In this work, we study the problem of common and unique feature extraction from noisy data. When we have N observation matrices from N different and associated sources corrupted by sparse and potentially gross noise, can we recover the common and unique components from these noisy observations? This is a challenging task as the number of parameters to estimate is approximately thrice the number of observations. Despite the difficulty, we propose an intuitive alternating minimization algorithm called triple component matrix factorization (TCMF) to recover the three components exactly. TCMF is distinguished from existing works in literature thanks to two salient features. First, TCMF is a principled method to separate the three components given noisy observations provably. Second, the bulk of the computation in TCMF can be distributed. On the technical side, we formulate the problem as a constrained nonconvex nonsmooth optimization problem. Despite the intricate nature of the problem, we provide a Taylor series characterization of its solution by solving the corresponding Karush-Kuhn-Tucker conditions. Using this characterization, we can show that the alternating minimization algorithm makes significant progress at each iteration and converges into the ground truth at a linear rate. Numerical experiments in video segmentation and anomaly detection highlight the superior feature extraction abilities of TCMF.

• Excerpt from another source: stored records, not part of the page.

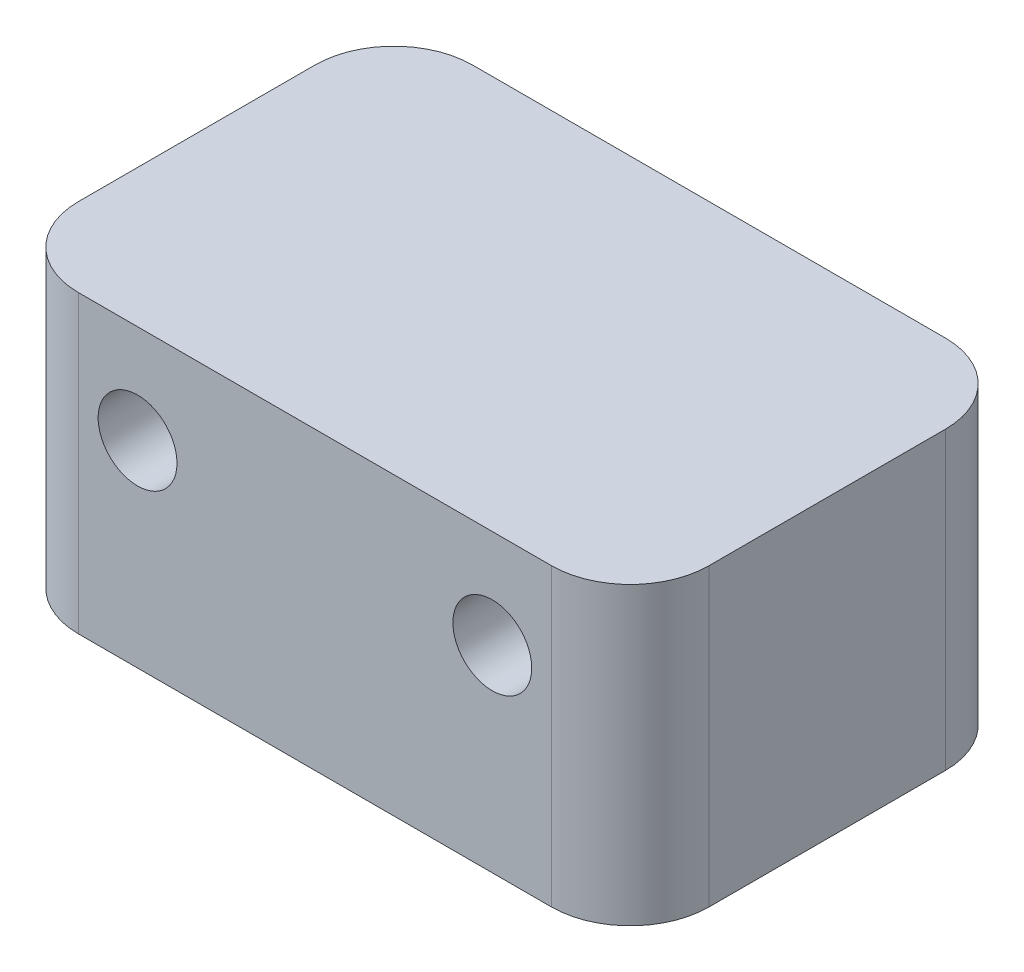
SolidWorks part; units mm, degrees
ref_plane "Plan de face" through (0, 0, 0) normal (0, 0, 1) x (1, 0, 0)
ref_plane "Plan de dessus" through (0, 0, 0) normal (0, 1, 0) x (1, 0, 0)
ref_plane "Plan de droite" through (0, 0, 0) normal (1, 0, 0) x (0, 0, -1)
sketch "Esquisse1" plane through (0, 0, 0) normal (0, 1, 0) x (1, 0, 0)
  line L0 (0, 0) -> (16, 0)
  line L1 (0, 0) -> (-16, 0)
  line L2 (-16, 0) -> (-16, 20)
  line L3 (-16, 20) -> (16, 20)
  line L4 (16, 20) -> (16, 0)
  dimension "D1" = 16
  dimension "D2" = 20
  dimension "D3" = 32
extrude "Boss.-Extru.1" add sketch "Esquisse1" along normal blind 15
fillet "Congé1" radius 4 4 edges at (-16, 7.5, -20) (16, 7.5, -20) (-16, 7.5, 0) (16, 7.5, 0)
sketch "Esquisse2" plane through (0, 0, 0) normal (0, -1, 0) x (1, 0, 0)
  line L0 (0, -20) -> (0, -10) construction
  line L1 (12, -20) -> (-12, -20) construction
  line L2 (0, -15) -> (-10, -15) construction
  line L3 (0, -15) -> (10, -15) construction
  line L4 (0, 0) -> (0, -5) construction
  circle A0 centre (-10, -15) radius 2
  circle A1 centre (10, -15) radius 2
  circle A2 centre (0, -5) radius 2
  dimension "D1" = 10
  dimension "D2" = 10
extrude "Enlèv. mat.-Extru.1" cut sketch "Esquisse2" against normal blind 12
sketch "Esquisse3" plane through (0, 0, 0) normal (0, 0, 1) x (1, 0, 0)
  line L0 (0, 0) -> (0, 10) construction
  line L1 (0, 10) -> (-9, 10) construction
  line L2 (0, 10) -> (9, 10) construction
  circle A0 centre (-9, 10) radius 2
  circle A1 centre (9, 10) radius 2
  dimension "D1" = 10
  dimension "D2" = 9
  dimension "D3" = 9
extrude "Enlèv. mat.-Extru.2" cut sketch "Esquisse3" against normal blind 12

翻译：本文研究从含噪数据中提取共性特征与独有特征的问题。当我们从N个不同但相关的数据源获得N个观测矩阵，且这些矩阵被稀疏且可能显著的噪声污染时，我们能否从这些含噪观测中恢复出共性分量与独有分量？这是一项极具挑战性的任务，因为待估计参数的数量约为观测数量的三倍。尽管存在困难，我们提出了一种直观的交替最小化算法——三重分量矩阵分解（TCMF），能够精确恢复这三个分量。TCMF与现有研究相比具有两个显著特点：首先，TCMF是一种能够从含噪观测中可证明地分离三个分量的原理性方法；其次，TCMF的主要计算过程可以分布式执行。在技术层面，我们将该问题表述为带约束的非凸非光滑优化问题。尽管问题结构复杂，我们通过求解相应的Karush-Kuhn-Tucker条件，给出了其解的泰勒级数表征。利用这一表征，我们可以证明交替最小化算法在每次迭代中都能取得显著进展，并以线性速率收敛到真实解。在视频分割和异常检测中的数值实验突显了TCMF卓越的特征提取能力。